● Assignment:
Keep the pictures out. Restate the entries below word for word.

● Record set:
----------------

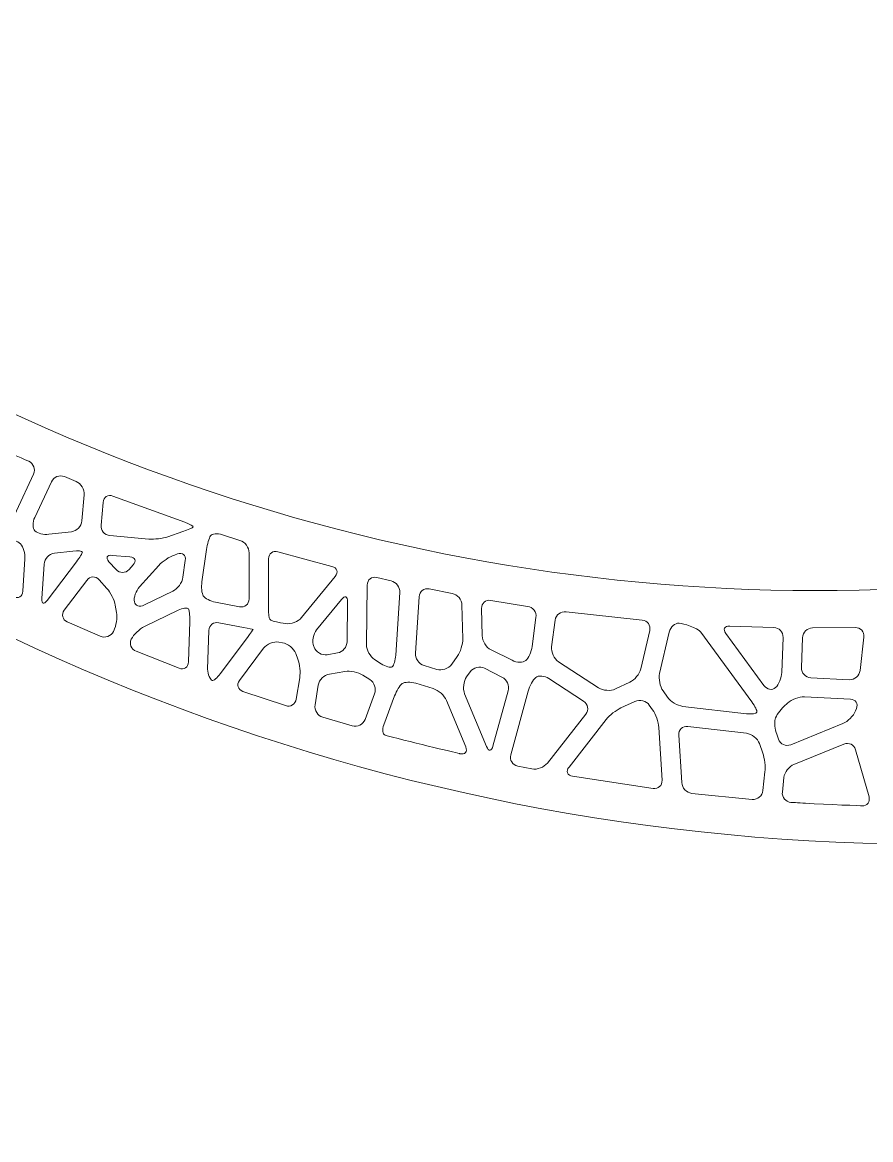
# Model space of a CAD drawing. Header units: inches. Extents: x 8 to 818, y -635 to -10.
# Drawn here: x 213.2 to 336.4, y -635.4 to -473.1 of the extents above; entities that cross this region are included whole.
import ezdxf

# ---------------------------------------------------------------- set-up
doc = ezdxf.new("R2010")
doc.units = ezdxf.units.IN
doc.header["$MEASUREMENT"] = 0
doc.layers.add('Calque 1', color=7, linetype='Continuous')

# ---------------------------------------------------------------- blocks, each defined once
blk = doc.blocks.new('block 12')
at = {"layer": 'Calque 1', "color": 179, "lineweight": 5, "true_color": 0x262425}
for points, knots in [([(415.1, -541.5), (415.1, -541.5), (412.11, -552.28), (412.11, -552.28), (411.96, -552.81), (411.41, -553.12), (410.87, -552.98), (410.87, -552.98), (409.91, -552.71), (409.91, -552.71), (409.38, -552.56), (409.07, -552.01), (409.21, -551.48), (409.21, -551.48), (411.68, -542.62), (411.68, -542.62), (276.34, -585.95), (126.21, -517.91), (70.13, -382.15), (70.13, -382.15), (68.79, -386.97), (68.79, -386.97), (68.65, -387.51), (68.09, -387.82), (67.56, -387.67), (67.56, -387.67), (66.6, -387.4), (66.6, -387.4), (66.07, -387.25), (65.75, -386.7), (65.9, -386.17), (65.9, -386.17), (68.29, -377.57), (68.29, -377.57), (67.16, -374.7), (66.07, -371.8), (65.02, -368.87), (63.58, -364.83), (59.26, -362.6), (55.15, -363.83), (55.15, -363.83), (55, -363.87), (55, -363.87), (50.75, -365.13), (48.3, -369.6), (49.57, -373.84), (100.4, -544.25), (286.66, -635.36), (454.06, -572.5), (464.47, -568.65), (468.48, -555.99), (463.12, -545.07), (463.12, -545.07), (463.12, -545.07), (463.12, -545.07), (457.76, -534.13), (446.38, -529), (437.54, -532.89), (430.12, -536.11), (422.64, -538.98), (415.1, -541.5)], [0, 0, 0, 0, 1, 1, 1, 2, 2, 2, 3, 3, 3, 4, 4, 4, 5, 5, 5, 6, 6, 6, 7, 7, 7, 8, 8, 8, 9, 9, 9, 10, 10, 10, 11, 11, 11, 12, 12, 12, 13, 13, 13, 14, 14, 14, 15, 15, 15, 16, 16, 16, 17, 17, 17, 18, 18, 18, 19, 19, 19, 20, 20, 20, 20]), ([(212.37, -543.99), (212.04, -544.69), (211.14, -545.37), (210.38, -545.5), (210.38, -545.5), (209.63, -545.63), (209.63, -545.63), (208.87, -545.76), (208.17, -545.24), (208.09, -544.47), (208.09, -544.47), (207.31, -537.25), (207.31, -537.25), (207.22, -536.48), (207.36, -535.45), (207.61, -534.95), (207.86, -534.46), (208.32, -534.18), (208.62, -534.32), (208.62, -534.32), (208.62, -534.32), (208.9, -534.45), (211.01, -535.43), (214.16, -536.82), (214.16, -536.82), (214.87, -537.13), (215.18, -537.97), (214.85, -538.67), (214.85, -538.67), (212.37, -543.99), (212.37, -543.99)], [0, 0, 0, 0, 1, 1, 1, 2, 2, 2, 3, 3, 3, 4, 4, 4, 5, 5, 5, 6, 6, 6, 7, 7, 7, 8, 8, 8, 9, 9, 9, 10, 10, 10, 10]), ([(221.88, -545.48), (221.81, -546.25), (221.13, -546.96), (220.36, -547.05), (220.36, -547.05), (217.09, -547.42), (217.09, -547.42), (216.32, -547.51), (215.4, -547.28), (215.06, -546.92), (214.71, -546.55), (214.69, -545.68), (215.02, -544.97), (215.02, -544.97), (217.45, -539.78), (217.45, -539.78), (217.77, -539.08), (218.63, -538.75), (219.34, -539.05), (219.34, -539.05), (221.02, -539.74), (221.02, -539.74), (221.74, -540.04), (222.27, -540.91), (222.2, -541.68), (222.2, -541.68), (221.88, -545.48), (221.88, -545.48)], [0, 0, 0, 0, 1, 1, 1, 2, 2, 2, 3, 3, 3, 4, 4, 4, 5, 5, 5, 6, 6, 6, 7, 7, 7, 8, 8, 8, 9, 9, 9, 9]), ([(238.02, -546.36), (237.95, -546.48), (237.28, -546.78), (236.55, -547.03), (236.55, -547.03), (234.34, -547.78), (234.34, -547.78), (233.61, -548.03), (232.38, -548.18), (231.6, -548.11), (231.6, -548.11), (225.95, -547.61), (225.95, -547.61), (225.17, -547.55), (224.59, -546.86), (224.66, -546.08), (224.66, -546.08), (224.94, -542.78), (224.94, -542.78), (225.01, -542), (225.66, -541.59), (226.38, -541.87), (226.38, -541.87), (236.83, -545.68), (236.83, -545.68), (237.56, -545.94), (238.1, -546.24), (238.02, -546.36)], [0, 0, 0, 0, 1, 1, 1, 2, 2, 2, 3, 3, 3, 4, 4, 4, 5, 5, 5, 6, 6, 6, 7, 7, 7, 8, 8, 8, 9, 9, 9, 9]), ([(213.31, -555.7), (213.26, -556.48), (212.64, -556.83), (211.94, -556.5), (211.94, -556.5), (210.45, -555.78), (209.15, -555.13), (207.61, -554.37), (205.65, -553.36), (205.65, -553.36), (204.96, -553.01), (204.46, -552.61), (204.53, -552.47), (204.6, -552.33), (205.09, -551.75), (205.61, -551.18), (205.61, -551.18), (206.78, -549.87), (206.78, -549.87), (207.3, -549.3), (208.35, -548.72), (209.11, -548.59), (209.11, -548.59), (210.84, -548.29), (210.84, -548.29), (211.61, -548.16), (212.56, -548.39), (212.97, -548.82), (213.37, -549.24), (213.66, -550.22), (213.61, -550.99), (213.61, -550.99), (213.31, -555.7), (213.31, -555.7)], [0, 0, 0, 0, 1, 1, 1, 2, 2, 2, 3, 3, 3, 4, 4, 4, 5, 5, 5, 6, 6, 6, 7, 7, 7, 8, 8, 8, 9, 9, 9, 10, 10, 10, 11, 11, 11, 11]), ([(241.29, -557.29), (240.52, -557.15), (239.72, -556.73), (239.5, -556.37), (239.28, -556.01), (239.19, -555.08), (239.3, -554.31), (239.3, -554.31), (239.96, -549.65), (239.96, -549.65), (240.07, -548.88), (240.33, -547.98), (240.54, -547.66), (240.75, -547.33), (241.53, -547.26), (242.27, -547.5), (242.27, -547.5), (244.81, -548.3), (244.81, -548.3), (245.55, -548.53), (246.16, -549.35), (246.15, -550.13), (246.15, -550.13), (246.15, -556.81), (246.15, -556.81), (246.14, -557.59), (245.52, -558.1), (244.76, -557.96), (244.76, -557.96), (241.29, -557.29), (241.29, -557.29)], [0, 0, 0, 0, 1, 1, 1, 2, 2, 2, 3, 3, 3, 4, 4, 4, 5, 5, 5, 6, 6, 6, 7, 7, 7, 8, 8, 8, 9, 9, 9, 10, 10, 10, 10]), ([(216.83, -557.05), (216.36, -557.67), (216.02, -557.55), (216.07, -556.77), (216.07, -556.77), (216.39, -551.74), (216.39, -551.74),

----------------

● Exercise output:
# Model space of a CAD drawing. Header units: inches. Extents: x 8 to 818, y -635 to -10.
# Drawn here: x 213.2 to 336.4, y -635.4 to -473.1 of the extents above; entities that cross this region are included whole.
import ezdxf

# ---------------------------------------------------------------- set-up
doc = ezdxf.new("R2010")
doc.units = ezdxf.units.IN
doc.header["$MEASUREMENT"] = 0
doc.layers.add('Calque 1', color=7, linetype='Continuous')

# ---------------------------------------------------------------- blocks, each defined once
blk = doc.blocks.new('block 12')
at = {"layer": 'Calque 1', "color": 179, "lineweight": 5, "true_color": 0x262425}
for points, knots in [([(415.1, -541.5), (415.1, -541.5), (412.11, -552.28), (412.11, -552.28), (411.96, -552.81), (411.41, -553.12), (410.87, -552.98), (410.87, -552.98), (409.91, -552.71), (409.91, -552.71), (409.38, -552.56), (409.07, -552.01), (409.21, -551.48), (409.21, -551.48), (411.68, -542.62), (411.68, -542.62), (276.34, -585.95), (126.21, -517.91), (70.13, -382.15), (70.13, -382.15), (68.79, -386.97), (68.79, -386.97), (68.65, -387.51), (68.09, -387.82), (67.56, -387.67), (67.56, -387.67), (66.6, -387.4), (66.6, -387.4), (66.07, -387.25), (65.75, -386.7), (65.9, -386.17), (65.9, -386.17), (68.29, -377.57), (68.29, -377.57), (67.16, -374.7), (66.07, -371.8), (65.02, -368.87), (63.58, -364.83), (59.26, -362.6), (55.15, -363.83), (55.15, -363.83), (55, -363.87), (55, -363.87), (50.75, -365.13), (48.3, -369.6), (49.57, -373.84), (100.4, -544.25), (286.66, -635.36), (454.06, -572.5), (464.47, -568.65), (468.48, -555.99), (463.12, -545.07), (463.12, -545.07), (463.12, -545.07), (463.12, -545.07), (457.76, -534.13), (446.38, -529), (437.54, -532.89), (430.12, -536.11), (422.64, -538.98), (415.1, -541.5)], [0, 0, 0, 0, 1, 1, 1, 2, 2, 2, 3, 3, 3, 4, 4, 4, 5, 5, 5, 6, 6, 6, 7, 7, 7, 8, 8, 8, 9, 9, 9, 10, 10, 10, 11, 11, 11, 12, 12, 12, 13, 13, 13, 14, 14, 14, 15, 15, 15, 16, 16, 16, 17, 17, 17, 18, 18, 18, 19, 19, 19, 20, 20, 20, 20]), ([(212.37, -543.99), (212.04, -544.69), (211.14, -545.37), (210.38, -545.5), (210.38, -545.5), (209.63, -545.63), (209.63, -545.63), (208.87, -545.76), (208.17, -545.24), (208.09, -544.47), (208.09, -544.47), (207.31, -537.25), (207.31, -537.25), (207.22, -536.48), (207.36, -535.45), (207.61, -534.95), (207.86, -534.46), (208.32, -534.18), (208.62, -534.32), (208.62, -534.32), (208.62, -534.32), (208.9, -534.45), (211.01, -535.43), (214.16, -536.82), (214.16, -536.82), (214.87, -537.13), (215.18, -537.97), (214.85, -538.67), (214.85, -538.67), (212.37, -543.99), (212.37, -543.99)], [0, 0, 0, 0, 1, 1, 1, 2, 2, 2, 3, 3, 3, 4, 4, 4, 5, 5, 5, 6, 6, 6, 7, 7, 7, 8, 8, 8, 9, 9, 9, 10, 10, 10, 10]), ([(221.88, -545.48), (221.81, -546.25), (221.13, -546.96), (220.36, -547.05), (220.36, -547.05), (217.09, -547.42), (217.09, -547.42), (216.32, -547.51), (215.4, -547.28), (215.06, -546.92), (214.71, -546.55), (214.69, -545.68), (215.02, -544.97), (215.02, -544.97), (217.45, -539.78), (217.45, -539.78), (217.77, -539.08), (218.63, -538.75), (219.34, -539.05), (219.34, -539.05), (221.02, -539.74), (221.02, -539.74), (221.74, -540.04), (222.27, -540.91), (222.2, -541.68), (222.2, -541.68), (221.88, -545.48), (221.88, -545.48)], [0, 0, 0, 0, 1, 1, 1, 2, 2, 2, 3, 3, 3, 4, 4, 4, 5, 5, 5, 6, 6, 6, 7, 7, 7, 8, 8, 8, 9, 9, 9, 9]), ([(238.02, -546.36), (237.95, -546.48), (237.28, -546.78), (236.55, -547.03), (236.55, -547.03), (234.34, -547.78), (234.34, -547.78), (233.61, -548.03), (232.38, -548.18), (231.6, -548.11), (231.6, -548.11), (225.95, -547.61), (225.95, -547.61), (225.17, -547.55), (224.59, -546.86), (224.66, -546.08), (224.66, -546.08), (224.94, -542.78), (224.94, -542.78), (225.01, -542), (225.66, -541.59), (226.38, -541.87), (226.38, -541.87), (236.83, -545.68), (236.83, -545.68), (237.56, -545.94), (238.1, -546.24), (238.02, -546.36)], [0, 0, 0, 0, 1, 1, 1, 2, 2, 2, 3, 3, 3, 4, 4, 4, 5, 5, 5, 6, 6, 6, 7, 7, 7, 8, 8, 8, 9, 9, 9, 9]), ([(213.31, -555.7), (213.26, -556.48), (212.64, -556.83), (211.94, -556.5), (211.94, -556.5), (210.45, -555.78), (209.15, -555.13), (207.61, -554.37), (205.65, -553.36), (205.65, -553.36), (204.96, -553.01), (204.46, -552.61), (204.53, -552.47), (204.6, -552.33), (205.09, -551.75), (205.61, -551.18), (205.61, -551.18), (206.78, -549.87), (206.78, -549.87), (207.3, -549.3), (208.35, -548.72), (209.11, -548.59), (209.11, -548.59), (210.84, -548.29), (210.84, -548.29), (211.61, -548.16), (212.56, -548.39), (212.97, -548.82), (213.37, -549.24), (213.66, -550.22), (213.61, -550.99), (213.61, -550.99), (213.31, -555.7), (213.31, -555.7)], [0, 0, 0, 0, 1, 1, 1, 2, 2, 2, 3, 3, 3, 4, 4, 4, 5, 5, 5, 6, 6, 6, 7, 7, 7, 8, 8, 8, 9, 9, 9, 10, 10, 10, 11, 11, 11, 11]), ([(241.29, -557.29), (240.52, -557.15), (239.72, -556.73), (239.5, -556.37), (239.28, -556.01), (239.19, -555.08), (239.3, -554.31), (239.3, -554.31), (239.96, -549.65), (239.96, -549.65), (240.07, -548.88), (240.33, -547.98), (240.54, -547.66), (240.75, -547.33), (241.53, -547.26), (242.27, -547.5), (242.27, -547.5), (244.81, -548.3), (244.81, -548.3), (245.55, -548.53), (246.16, -549.35), (246.15, -550.13), (246.15, -550.13), (246.15, -556.81), (246.15, -556.81), (246.14, -557.59), (245.52, -558.1), (244.76, -557.96), (244.76, -557.96), (241.29, -557.29), (241.29, -557.29)], [0, 0, 0, 0, 1, 1, 1, 2, 2, 2, 3, 3, 3, 4, 4, 4, 5, 5, 5, 6, 6, 6, 7, 7, 7, 8, 8, 8, 9, 9, 9, 10, 10, 10, 10]), ([(216.83, -557.05), (216.36, -557.67), (216.02, -557.55), (216.07, -556.77), (216.07, -556.77), (216.39, -551.74), (216.39, -551.74),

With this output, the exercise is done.